Segment Open

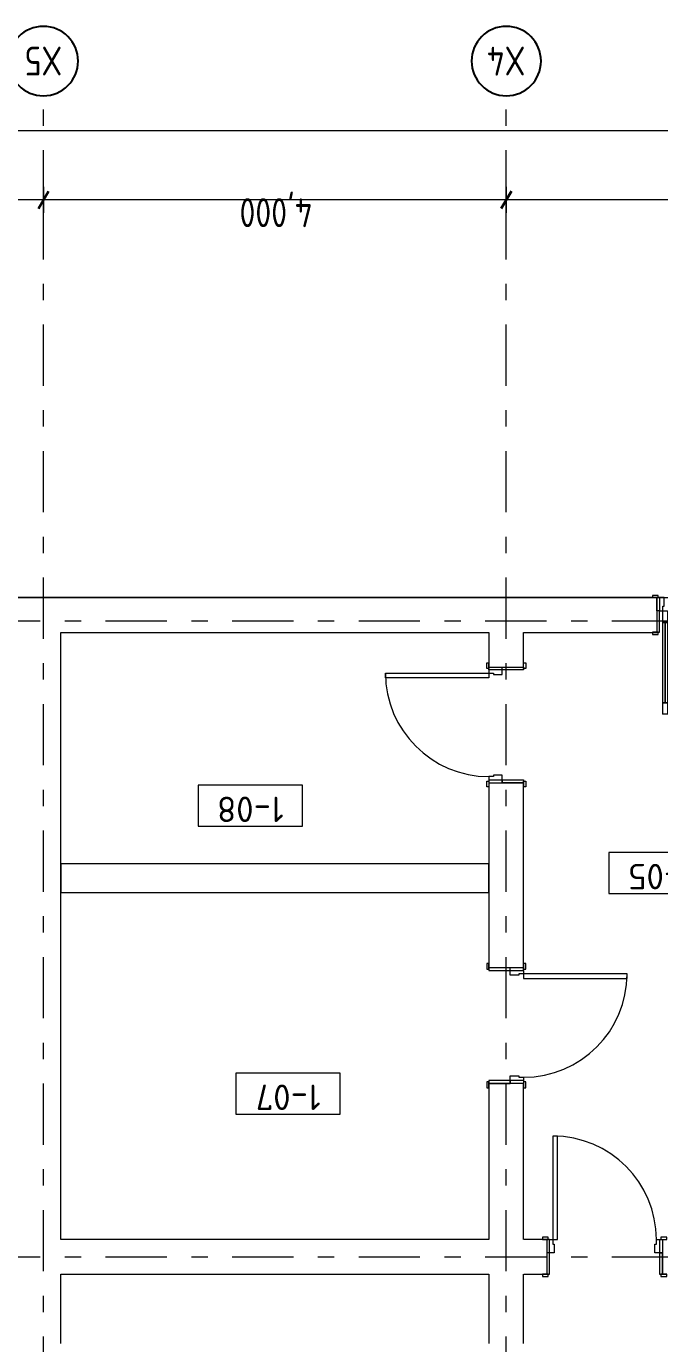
# Model space of a CAD drawing. Header units: millimetres. Extents: x 18162 to 3540582, y 72188 to 247925.
# Drawn here: x 27226 to 32698, y 90396 to 101785 of the extents above; entities that cross this region are included whole.
import ezdxf
from ezdxf.enums import TextEntityAlignment as Align

# ---------------------------------------------------------------- set-up
doc = ezdxf.new("R2010")
doc.units = ezdxf.units.MM
doc.header["$MEASUREMENT"] = 0
doc.set_wipeout_variables(frame=1)
doc.linetypes.add('Double Dashed', pattern=[1093.611073, 529.166651, -211.666656, 141.111112, -211.666656])
doc.linetypes.add('Wipeout_Contour', pattern=[1000, 0, -1000])
for name, color, linetype in [('Archicad Doors', 7, 'Continuous'), ('Archicad Zone Stamps', 7, 'Continuous'), ('Dimensioning - General', 7, 'Continuous'), ('Model Unit - Zone A', 7, 'Continuous'), ('Structural - Bearing', 7, 'Continuous'), ('Structural - Grid', 7, 'Continuous')]:
    doc.layers.add(name, color=color, linetype=linetype)
doc.styles.add('GENERATED_STYLE_2', font='')
doc.styles.add('GENERATED_STYLE_3', font='', dxfattribs={"width": 0.8})
doc.styles.get('GENERATED_STYLE_2').set_extended_font_data('ISOCPEUR MON')
doc.styles.get('GENERATED_STYLE_3').set_extended_font_data('ISOCPEUR MON')
doc.dimstyles.new('GENERATED_STYLE__1', dxfattribs={"dimtxt": 250, "dimasz": 114, "dimexe": 0.18, "dimexo": 0.0625, "dimgap": 0, "dimtad": 1, "dimdec": 0, "dimzin": 0, "dimdsep": 46, "dimtxsty": 'GENERATED_STYLE_3', "dimblk": 'ARROWHEAD_2', "dimblk1": 'ARROWHEAD_2', "dimblk2": 'ARROWHEAD_2', "dimcen": 0.09, "dimclrd": 13, "dimclre": 13, "dimclrt": 13, "dimadec": 0, "dimazin": 0, "dimtfac": 1, "dimtdec": 4, "dimtmove": 0, "dimatfit": 3, "dimfxl": 1, "dimtolj": 1, "dimtzin": 0, "dimarcsym": 0})

# ---------------------------------------------------------------- blocks, each defined once
blk = doc.blocks.new('Хонгил_1-05_3_3', base_point=(32710, 94466))
at = {"layer": 'Archicad Zone Stamps', "color": 7, "linetype": 'Continuous', "lineweight": 5}
for p, q in [((33160, 94643), (32260, 94643)), ((32260, 94643), (32260, 94289)), ((33160, 94289), (33160, 94643)), ((32260, 94289), (33160, 94289))]:
    blk.add_line(p, q, dxfattribs=at)
at = {"layer": 'Archicad Zone Stamps', "color": 7, "lineweight": 5, "style": 'GENERATED_STYLE_2'}
for tag, p in [('DUMMY_861', (32425, 94324)), ('ROOM_NUMBER', (32710, 94324))]:
    blk.add_attdef(tag, text='', height=220, rotation=180, dxfattribs=at).set_placement(p, align=Align.TOP_CENTER)
blk = doc.blocks.new('Техникийн өрөө_1-07_4_3', base_point=(29488, 92558))
at = {"layer": 'Archicad Zone Stamps', "color": 7, "linetype": 'Continuous', "lineweight": 5}
for p, q in [((29938, 92735), (29038, 92735)), ((29038, 92735), (29038, 92381)), ((29938, 92381), (29938, 92735)), ((29038, 92381), (29938, 92381))]:
    blk.add_line(p, q, dxfattribs=at)
at = {"layer": 'Archicad Zone Stamps', "color": 7, "lineweight": 5, "style": 'GENERATED_STYLE_2'}
for tag, p in [('DUMMY_861', (29202, 92416)), ('ROOM_NUMBER', (29488, 92416))]:
    blk.add_attdef(tag, text='', height=220, rotation=180, dxfattribs=at).set_placement(p, align=Align.TOP_CENTER)
blk = doc.blocks.new('Техникийн өрөө_1-08_5_3', base_point=(29162, 95048))
at = {"layer": 'Archicad Zone Stamps', "color": 7, "linetype": 'Continuous', "lineweight": 5}
for p, q in [((29612, 95225), (28712, 95225)), ((28712, 95225), (28712, 94870)), ((29612, 94870), (29612, 95225)), ((28712, 94870), (29612, 94870))]:
    blk.add_line(p, q, dxfattribs=at)
at = {"layer": 'Archicad Zone Stamps', "color": 7, "lineweight": 5, "style": 'GENERATED_STYLE_2'}
for tag, p in [('DUMMY_861', (28876, 94906)), ('ROOM_NUMBER', (29162, 94906))]:
    blk.add_attdef(tag, text='', height=220, rotation=180, dxfattribs=at).set_placement(p, align=Align.TOP_CENTER)
blk = doc.blocks.new('Door 27[6]_3')
at = {"layer": 'Archicad Doors', "color": 7, "linetype": 'Continuous', "lineweight": 13}
for p, q in [((31776, 92190), (31776, 91296)), ((31816, 92190), (31776, 92190)), ((31816, 91296), (31816, 92190)), ((31736, 91315), (31686, 91315)), ((31686, 91315), (31686, 91296)), ((31686, 91296), (31736, 91296)), ((31723, 91296), (31686, 91296)), ((31723, 91296), (31686, 91296)), ((31748, 91296), (31723, 91296)), ((31723, 91296), (31723, 91181)), ((31723, 91296), (31723, 91181)), ((31723, 91296), (31723, 91181)), ((31736, 91296), (31736, 91315)), ((31748, 91181), (31748, 91296)), ((31748, 91296), (31776, 91296)), ((31776, 91296), (31776, 91256)), ((31776, 91296), (31816, 91296)), ((31776, 91256), (31788, 91256)), ((31788, 91256), (31788, 91181)), ((32658, 91181), (32658, 91256)), ((32658, 91256), (32670, 91256)), ((32670, 91256), (32670, 91296)), ((32670, 91296), (32698, 91296)), ((32698, 91296), (32723, 91296)), ((32698, 91296), (32698, 91181)), ((32760, 91315), (32710, 91315)), ((32710, 91315), (32710, 91296)), ((32710, 91296), (32760, 91296)), ((32723, 91296), (32723, 91181)), ((32723, 91296), (32723, 91181)), ((32723, 91296), (32723, 91181)), ((32723, 91296), (32760, 91296)), ((32723, 91296), (32760, 91296)), ((32760, 91296), (32760, 91315)), ((31723, 91181), (31723, 90996)), ((31748, 91181), (31723, 91181)), ((31748, 91181), (31723, 91181)), ((31723, 91181), (31723, 90996)), ((31723, 91181), (31723, 90996)), ((31748, 90996), (31748, 91181)), ((31788, 91181), (31748, 91181)), ((32698, 91181), (32658, 91181)), ((32698, 91181), (32698, 90996)), ((32723, 91181), (32698, 91181)), ((32698, 91181), (32723, 91181)), ((32723, 90996), (32723, 91181)), ((32723, 91181), (32723, 90996)), ((32723, 91181), (32723, 90996)), ((31736, 90996), (31686, 90996)), ((31686, 90996), (31686, 90977)), ((31723, 90996), (31686, 90996)), ((31723, 90996), (31686, 90996)), ((31686, 90977), (31736, 90977)), ((31723, 90996), (31748, 90996)), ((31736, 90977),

Segment Closed

▶ [WHAT TO WORK ON] Return all the material exactly, pictures excluded.

▶ [PROBLEM SOLUTION]
# Model space of a CAD drawing. Header units: millimetres. Extents: x 18162 to 3540582, y 72188 to 247925.
# Drawn here: x 27226 to 32698, y 90396 to 101785 of the extents above; entities that cross this region are included whole.
import ezdxf
from ezdxf.enums import TextEntityAlignment as Align

# ---------------------------------------------------------------- set-up
doc = ezdxf.new("R2010")
doc.units = ezdxf.units.MM
doc.header["$MEASUREMENT"] = 0
doc.set_wipeout_variables(frame=1)
doc.linetypes.add('Double Dashed', pattern=[1093.611073, 529.166651, -211.666656, 141.111112, -211.666656])
doc.linetypes.add('Wipeout_Contour', pattern=[1000, 0, -1000])
for name, color, linetype in [('Archicad Doors', 7, 'Continuous'), ('Archicad Zone Stamps', 7, 'Continuous'), ('Dimensioning - General', 7, 'Continuous'), ('Model Unit - Zone A', 7, 'Continuous'), ('Structural - Bearing', 7, 'Continuous'), ('Structural - Grid', 7, 'Continuous')]:
    doc.layers.add(name, color=color, linetype=linetype)
doc.styles.add('GENERATED_STYLE_2', font='')
doc.styles.add('GENERATED_STYLE_3', font='', dxfattribs={"width": 0.8})
doc.styles.get('GENERATED_STYLE_2').set_extended_font_data('ISOCPEUR MON')
doc.styles.get('GENERATED_STYLE_3').set_extended_font_data('ISOCPEUR MON')
doc.dimstyles.new('GENERATED_STYLE__1', dxfattribs={"dimtxt": 250, "dimasz": 114, "dimexe": 0.18, "dimexo": 0.0625, "dimgap": 0, "dimtad": 1, "dimdec": 0, "dimzin": 0, "dimdsep": 46, "dimtxsty": 'GENERATED_STYLE_3', "dimblk": 'ARROWHEAD_2', "dimblk1": 'ARROWHEAD_2', "dimblk2": 'ARROWHEAD_2', "dimcen": 0.09, "dimclrd": 13, "dimclre": 13, "dimclrt": 13, "dimadec": 0, "dimazin": 0, "dimtfac": 1, "dimtdec": 4, "dimtmove": 0, "dimatfit": 3, "dimfxl": 1, "dimtolj": 1, "dimtzin": 0, "dimarcsym": 0})

# ---------------------------------------------------------------- blocks, each defined once
blk = doc.blocks.new('Хонгил_1-05_3_3', base_point=(32710, 94466))
at = {"layer": 'Archicad Zone Stamps', "color": 7, "linetype": 'Continuous', "lineweight": 5}
for p, q in [((33160, 94643), (32260, 94643)), ((32260, 94643), (32260, 94289)), ((33160, 94289), (33160, 94643)), ((32260, 94289), (33160, 94289))]:
    blk.add_line(p, q, dxfattribs=at)
at = {"layer": 'Archicad Zone Stamps', "color": 7, "lineweight": 5, "style": 'GENERATED_STYLE_2'}
for tag, p in [('DUMMY_861', (32425, 94324)), ('ROOM_NUMBER', (32710, 94324))]:
    blk.add_attdef(tag, text='', height=220, rotation=180, dxfattribs=at).set_placement(p, align=Align.TOP_CENTER)
blk = doc.blocks.new('Техникийн өрөө_1-07_4_3', base_point=(29488, 92558))
at = {"layer": 'Archicad Zone Stamps', "color": 7, "linetype": 'Continuous', "lineweight": 5}
for p, q in [((29938, 92735), (29038, 92735)), ((29038, 92735), (29038, 92381)), ((29938, 92381), (29938, 92735)), ((29038, 92381), (29938, 92381))]:
    blk.add_line(p, q, dxfattribs=at)
at = {"layer": 'Archicad Zone Stamps', "color": 7, "lineweight": 5, "style": 'GENERATED_STYLE_2'}
for tag, p in [('DUMMY_861', (29202, 92416)), ('ROOM_NUMBER', (29488, 92416))]:
    blk.add_attdef(tag, text='', height=220, rotation=180, dxfattribs=at).set_placement(p, align=Align.TOP_CENTER)
blk = doc.blocks.new('Техникийн өрөө_1-08_5_3', base_point=(29162, 95048))
at = {"layer": 'Archicad Zone Stamps', "color": 7, "linetype": 'Continuous', "lineweight": 5}
for p, q in [((29612, 95225), (28712, 95225)), ((28712, 95225), (28712, 94870)), ((29612, 94870), (29612, 95225)), ((28712, 94870), (29612, 94870))]:
    blk.add_line(p, q, dxfattribs=at)
at = {"layer": 'Archicad Zone Stamps', "color": 7, "lineweight": 5, "style": 'GENERATED_STYLE_2'}
for tag, p in [('DUMMY_861', (28876, 94906)), ('ROOM_NUMBER', (29162, 94906))]:
    blk.add_attdef(tag, text='', height=220, rotation=180, dxfattribs=at).set_placement(p, align=Align.TOP_CENTER)
blk = doc.blocks.new('Door 27[6]_3')
at = {"layer": 'Archicad Doors', "color": 7, "linetype": 'Continuous', "lineweight": 13}
for p, q in [((31776, 92190), (31776, 91296)), ((31816, 92190), (31776, 92190)), ((31816, 91296), (31816, 92190)), ((31736, 91315), (31686, 91315)), ((31686, 91315), (31686, 91296)), ((31686, 91296), (31736, 91296)), ((31723, 91296), (31686, 91296)), ((31723, 91296), (31686, 91296)), ((31748, 91296), (31723, 91296)), ((31723, 91296), (31723, 91181)), ((31723, 91296), (31723, 91181)), ((31723, 91296), (31723, 91181)), ((31736, 91296), (31736, 91315)), ((31748, 91181), (31748, 91296)), ((31748, 91296), (31776, 91296)), ((31776, 91296), (31776, 91256)), ((31776, 91296), (31816, 91296)), ((31776, 91256), (31788, 91256)), ((31788, 91256), (31788, 91181)), ((32658, 91181), (32658, 91256)), ((32658, 91256), (32670, 91256)), ((32670, 91256), (32670, 91296)), ((32670, 91296), (32698, 91296)), ((32698, 91296), (32723, 91296)), ((32698, 91296), (32698, 91181)), ((32760, 91315), (32710, 91315)), ((32710, 91315), (32710, 91296)), ((32710, 91296), (32760, 91296)), ((32723, 91296), (32723, 91181)), ((32723, 91296), (32723, 91181)), ((32723, 91296), (32723, 91181)), ((32723, 91296), (32760, 91296)), ((32723, 91296), (32760, 91296)), ((32760, 91296), (32760, 91315)), ((31723, 91181), (31723, 90996)), ((31748, 91181), (31723, 91181)), ((31748, 91181), (31723, 91181)), ((31723, 91181), (31723, 90996)), ((31723, 91181), (31723, 90996)), ((31748, 90996), (31748, 91181)), ((31788, 91181), (31748, 91181)), ((32698, 91181), (32658, 91181)), ((32698, 91181), (32698, 90996)), ((32723, 91181), (32698, 91181)), ((32698, 91181), (32723, 91181)), ((32723, 90996), (32723, 91181)), ((32723, 91181), (32723, 90996)), ((32723, 91181), (32723, 90996)), ((31736, 90996), (31686, 90996)), ((31686, 90996), (31686, 90977)), ((31723, 90996), (31686, 90996)), ((31723, 90996), (31686, 90996)), ((31686, 90977), (31736, 90977)), ((31723, 90996), (31748, 90996)), ((31736, 90977),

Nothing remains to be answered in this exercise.